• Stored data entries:
== Segment start ==

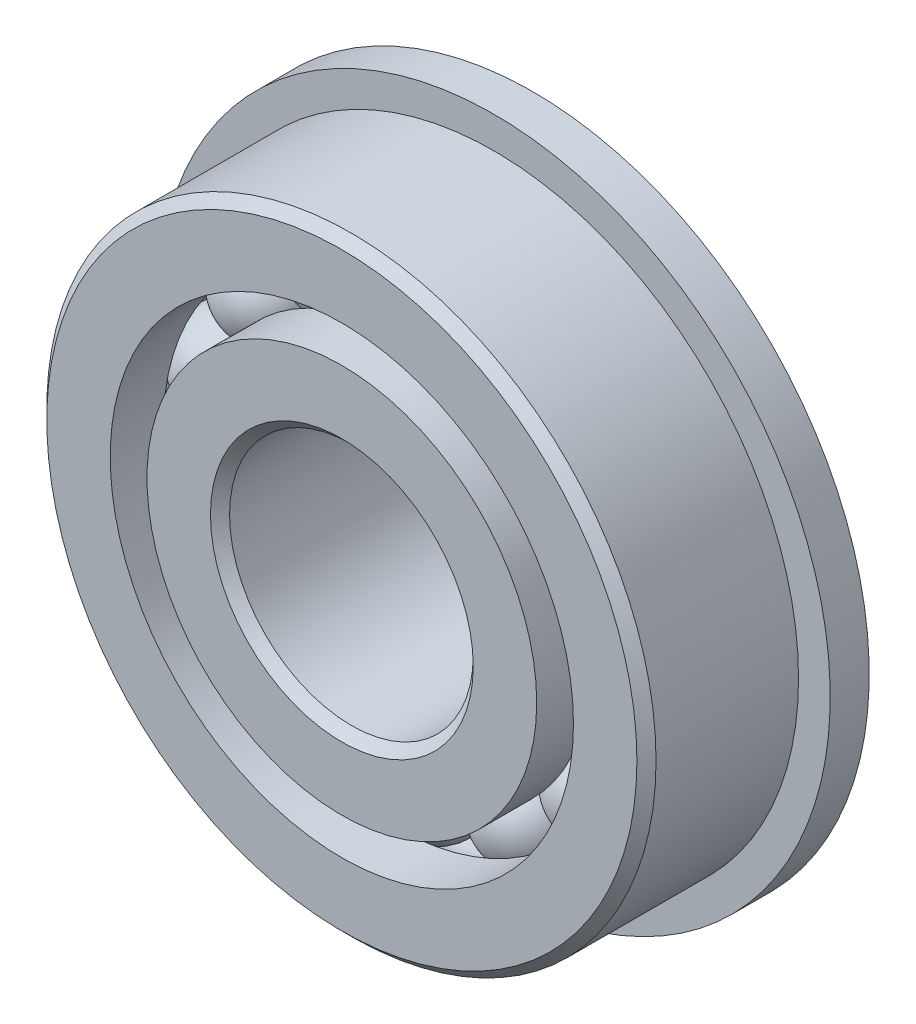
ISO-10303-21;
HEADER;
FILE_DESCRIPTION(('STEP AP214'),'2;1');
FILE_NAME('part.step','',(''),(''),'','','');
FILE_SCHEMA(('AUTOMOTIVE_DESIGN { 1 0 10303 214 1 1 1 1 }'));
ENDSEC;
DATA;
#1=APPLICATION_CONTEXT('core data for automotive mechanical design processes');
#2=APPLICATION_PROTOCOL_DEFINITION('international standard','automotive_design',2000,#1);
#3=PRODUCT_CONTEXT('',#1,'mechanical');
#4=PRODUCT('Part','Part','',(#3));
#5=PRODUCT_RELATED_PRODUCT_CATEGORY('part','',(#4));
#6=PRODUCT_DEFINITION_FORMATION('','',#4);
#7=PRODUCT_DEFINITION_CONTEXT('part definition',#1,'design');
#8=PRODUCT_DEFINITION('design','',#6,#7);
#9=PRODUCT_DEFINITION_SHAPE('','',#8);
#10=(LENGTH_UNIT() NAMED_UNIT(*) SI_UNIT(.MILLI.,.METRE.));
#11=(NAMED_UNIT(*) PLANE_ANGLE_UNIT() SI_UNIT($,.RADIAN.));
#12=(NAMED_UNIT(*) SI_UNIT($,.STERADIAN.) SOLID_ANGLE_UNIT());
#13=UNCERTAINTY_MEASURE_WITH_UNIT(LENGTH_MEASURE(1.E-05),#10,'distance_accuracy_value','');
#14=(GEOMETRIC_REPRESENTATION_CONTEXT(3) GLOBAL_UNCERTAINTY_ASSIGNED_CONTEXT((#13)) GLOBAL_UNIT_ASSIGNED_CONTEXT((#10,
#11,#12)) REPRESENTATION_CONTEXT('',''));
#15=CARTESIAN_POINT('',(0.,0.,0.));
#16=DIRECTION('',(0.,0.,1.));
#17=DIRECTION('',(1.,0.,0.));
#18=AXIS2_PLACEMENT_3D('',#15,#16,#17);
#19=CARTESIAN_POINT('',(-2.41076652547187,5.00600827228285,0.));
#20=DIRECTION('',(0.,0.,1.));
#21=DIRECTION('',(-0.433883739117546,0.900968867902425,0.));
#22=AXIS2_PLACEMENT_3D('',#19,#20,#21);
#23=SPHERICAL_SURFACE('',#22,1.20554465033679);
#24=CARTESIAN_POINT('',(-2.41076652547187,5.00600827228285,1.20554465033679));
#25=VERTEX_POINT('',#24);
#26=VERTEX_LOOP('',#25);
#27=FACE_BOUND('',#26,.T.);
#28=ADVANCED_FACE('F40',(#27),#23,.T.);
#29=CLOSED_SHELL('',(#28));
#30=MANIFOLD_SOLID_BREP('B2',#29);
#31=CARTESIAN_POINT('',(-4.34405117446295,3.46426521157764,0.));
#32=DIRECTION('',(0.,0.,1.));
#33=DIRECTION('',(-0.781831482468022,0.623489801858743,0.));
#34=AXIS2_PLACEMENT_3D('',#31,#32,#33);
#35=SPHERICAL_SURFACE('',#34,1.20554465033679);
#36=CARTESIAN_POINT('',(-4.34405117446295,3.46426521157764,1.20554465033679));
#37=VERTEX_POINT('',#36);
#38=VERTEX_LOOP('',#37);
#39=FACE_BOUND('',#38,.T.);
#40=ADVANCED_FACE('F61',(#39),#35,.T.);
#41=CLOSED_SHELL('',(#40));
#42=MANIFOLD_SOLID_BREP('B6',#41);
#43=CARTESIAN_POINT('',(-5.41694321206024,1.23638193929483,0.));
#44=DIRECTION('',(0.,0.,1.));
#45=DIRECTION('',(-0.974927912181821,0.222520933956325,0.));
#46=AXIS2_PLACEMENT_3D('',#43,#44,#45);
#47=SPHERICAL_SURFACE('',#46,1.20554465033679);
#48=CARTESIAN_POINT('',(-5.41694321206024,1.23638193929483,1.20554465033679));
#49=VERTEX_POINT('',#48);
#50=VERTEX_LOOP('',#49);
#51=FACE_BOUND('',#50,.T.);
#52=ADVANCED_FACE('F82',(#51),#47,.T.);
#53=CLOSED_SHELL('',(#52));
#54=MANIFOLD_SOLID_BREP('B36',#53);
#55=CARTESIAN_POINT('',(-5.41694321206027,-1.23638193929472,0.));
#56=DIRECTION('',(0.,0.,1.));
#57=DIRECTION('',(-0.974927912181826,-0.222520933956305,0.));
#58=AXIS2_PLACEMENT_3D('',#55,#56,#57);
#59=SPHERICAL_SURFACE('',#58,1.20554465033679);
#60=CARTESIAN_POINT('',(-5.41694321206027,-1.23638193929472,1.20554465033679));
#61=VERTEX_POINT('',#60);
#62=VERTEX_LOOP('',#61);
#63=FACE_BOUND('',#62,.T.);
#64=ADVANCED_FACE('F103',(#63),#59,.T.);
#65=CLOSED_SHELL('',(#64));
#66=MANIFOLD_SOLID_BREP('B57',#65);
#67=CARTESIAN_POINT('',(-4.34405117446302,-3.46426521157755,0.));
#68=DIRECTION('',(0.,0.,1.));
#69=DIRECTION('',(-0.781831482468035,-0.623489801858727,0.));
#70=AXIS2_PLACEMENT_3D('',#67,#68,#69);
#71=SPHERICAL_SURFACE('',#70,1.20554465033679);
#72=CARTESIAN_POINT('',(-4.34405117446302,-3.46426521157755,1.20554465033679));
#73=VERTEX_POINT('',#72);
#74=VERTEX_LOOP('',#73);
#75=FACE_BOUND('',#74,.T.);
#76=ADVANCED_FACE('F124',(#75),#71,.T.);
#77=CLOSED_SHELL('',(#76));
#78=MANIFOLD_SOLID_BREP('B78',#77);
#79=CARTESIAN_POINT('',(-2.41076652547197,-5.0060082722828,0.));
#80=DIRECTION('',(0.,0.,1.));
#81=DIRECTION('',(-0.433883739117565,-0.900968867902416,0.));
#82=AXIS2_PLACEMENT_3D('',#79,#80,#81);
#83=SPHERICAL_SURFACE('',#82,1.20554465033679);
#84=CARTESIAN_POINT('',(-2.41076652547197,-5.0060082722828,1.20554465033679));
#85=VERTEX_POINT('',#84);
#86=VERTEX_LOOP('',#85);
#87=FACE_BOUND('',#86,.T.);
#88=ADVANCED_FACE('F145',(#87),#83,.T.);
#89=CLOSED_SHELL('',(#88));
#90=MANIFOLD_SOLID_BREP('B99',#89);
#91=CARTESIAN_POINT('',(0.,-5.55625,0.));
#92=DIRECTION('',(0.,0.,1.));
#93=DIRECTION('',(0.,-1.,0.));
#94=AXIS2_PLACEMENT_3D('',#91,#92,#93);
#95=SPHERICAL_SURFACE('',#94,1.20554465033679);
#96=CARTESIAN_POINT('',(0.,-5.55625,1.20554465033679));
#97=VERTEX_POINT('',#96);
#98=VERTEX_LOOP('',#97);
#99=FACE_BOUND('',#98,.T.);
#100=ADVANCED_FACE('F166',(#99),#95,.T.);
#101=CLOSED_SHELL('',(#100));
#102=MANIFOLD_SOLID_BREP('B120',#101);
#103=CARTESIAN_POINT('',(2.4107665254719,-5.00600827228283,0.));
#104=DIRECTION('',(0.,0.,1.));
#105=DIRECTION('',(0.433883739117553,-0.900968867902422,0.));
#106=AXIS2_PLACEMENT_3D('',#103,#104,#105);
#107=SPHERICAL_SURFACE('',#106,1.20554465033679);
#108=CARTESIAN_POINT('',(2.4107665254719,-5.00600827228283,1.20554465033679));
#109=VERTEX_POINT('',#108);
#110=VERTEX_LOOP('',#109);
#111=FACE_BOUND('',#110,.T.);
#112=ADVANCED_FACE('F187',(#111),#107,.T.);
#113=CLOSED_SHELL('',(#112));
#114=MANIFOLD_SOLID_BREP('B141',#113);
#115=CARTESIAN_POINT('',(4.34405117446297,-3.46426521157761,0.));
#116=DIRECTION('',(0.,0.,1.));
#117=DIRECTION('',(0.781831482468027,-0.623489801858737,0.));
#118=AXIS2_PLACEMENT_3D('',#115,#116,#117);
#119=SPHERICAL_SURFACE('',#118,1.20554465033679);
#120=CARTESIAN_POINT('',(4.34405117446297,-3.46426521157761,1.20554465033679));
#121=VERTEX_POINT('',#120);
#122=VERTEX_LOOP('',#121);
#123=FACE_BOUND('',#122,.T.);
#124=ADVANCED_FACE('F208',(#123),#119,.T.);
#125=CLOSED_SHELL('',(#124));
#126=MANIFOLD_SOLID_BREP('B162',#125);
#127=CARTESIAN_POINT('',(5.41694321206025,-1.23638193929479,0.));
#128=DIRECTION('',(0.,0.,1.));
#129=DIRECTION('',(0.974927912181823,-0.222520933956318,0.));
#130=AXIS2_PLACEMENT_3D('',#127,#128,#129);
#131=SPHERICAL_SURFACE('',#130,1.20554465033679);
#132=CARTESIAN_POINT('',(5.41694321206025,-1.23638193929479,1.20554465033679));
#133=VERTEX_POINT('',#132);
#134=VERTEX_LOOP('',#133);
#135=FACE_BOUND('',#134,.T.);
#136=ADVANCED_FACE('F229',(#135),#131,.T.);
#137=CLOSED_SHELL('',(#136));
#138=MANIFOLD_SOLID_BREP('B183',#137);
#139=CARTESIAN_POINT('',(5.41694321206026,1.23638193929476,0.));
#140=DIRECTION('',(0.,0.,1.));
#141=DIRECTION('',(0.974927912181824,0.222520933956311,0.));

== Segment end ==

• What this task involves: Print exactly the lines running from the start of the entries above to the line with "#41=CLOSED_SHELL('',(#40));", both included; leave out any pictures.

• Result of the exercise:
ISO-10303-21;
HEADER;
FILE_DESCRIPTION(('STEP AP214'),'2;1');
FILE_NAME('part.step','',(''),(''),'','','');
FILE_SCHEMA(('AUTOMOTIVE_DESIGN { 1 0 10303 214 1 1 1 1 }'));
ENDSEC;
DATA;
#1=APPLICATION_CONTEXT('core data for automotive mechanical design processes');
#2=APPLICATION_PROTOCOL_DEFINITION('international standard','automotive_design',2000,#1);
#3=PRODUCT_CONTEXT('',#1,'mechanical');
#4=PRODUCT('Part','Part','',(#3));
#5=PRODUCT_RELATED_PRODUCT_CATEGORY('part','',(#4));
#6=PRODUCT_DEFINITION_FORMATION('','',#4);
#7=PRODUCT_DEFINITION_CONTEXT('part definition',#1,'design');
#8=PRODUCT_DEFINITION('design','',#6,#7);
#9=PRODUCT_DEFINITION_SHAPE('','',#8);
#10=(LENGTH_UNIT() NAMED_UNIT(*) SI_UNIT(.MILLI.,.METRE.));
#11=(NAMED_UNIT(*) PLANE_ANGLE_UNIT() SI_UNIT($,.RADIAN.));
#12=(NAMED_UNIT(*) SI_UNIT($,.STERADIAN.) SOLID_ANGLE_UNIT());
#13=UNCERTAINTY_MEASURE_WITH_UNIT(LENGTH_MEASURE(1.E-05),#10,'distance_accuracy_value','');
#14=(GEOMETRIC_REPRESENTATION_CONTEXT(3) GLOBAL_UNCERTAINTY_ASSIGNED_CONTEXT((#13)) GLOBAL_UNIT_ASSIGNED_CONTEXT((#10,
#11,#12)) REPRESENTATION_CONTEXT('',''));
#15=CARTESIAN_POINT('',(0.,0.,0.));
#16=DIRECTION('',(0.,0.,1.));
#17=DIRECTION('',(1.,0.,0.));
#18=AXIS2_PLACEMENT_3D('',#15,#16,#17);
#19=CARTESIAN_POINT('',(-2.41076652547187,5.00600827228285,0.));
#20=DIRECTION('',(0.,0.,1.));
#21=DIRECTION('',(-0.433883739117546,0.900968867902425,0.));
#22=AXIS2_PLACEMENT_3D('',#19,#20,#21);
#23=SPHERICAL_SURFACE('',#22,1.20554465033679);
#24=CARTESIAN_POINT('',(-2.41076652547187,5.00600827228285,1.20554465033679));
#25=VERTEX_POINT('',#24);
#26=VERTEX_LOOP('',#25);
#27=FACE_BOUND('',#26,.T.);
#28=ADVANCED_FACE('F40',(#27),#23,.T.);
#29=CLOSED_SHELL('',(#28));
#30=MANIFOLD_SOLID_BREP('B2',#29);
#31=CARTESIAN_POINT('',(-4.34405117446295,3.46426521157764,0.));
#32=DIRECTION('',(0.,0.,1.));
#33=DIRECTION('',(-0.781831482468022,0.623489801858743,0.));
#34=AXIS2_PLACEMENT_3D('',#31,#32,#33);
#35=SPHERICAL_SURFACE('',#34,1.20554465033679);
#36=CARTESIAN_POINT('',(-4.34405117446295,3.46426521157764,1.20554465033679));
#37=VERTEX_POINT('',#36);
#38=VERTEX_LOOP('',#37);
#39=FACE_BOUND('',#38,.T.);
#40=ADVANCED_FACE('F61',(#39),#35,.T.);
#41=CLOSED_SHELL('',(#40));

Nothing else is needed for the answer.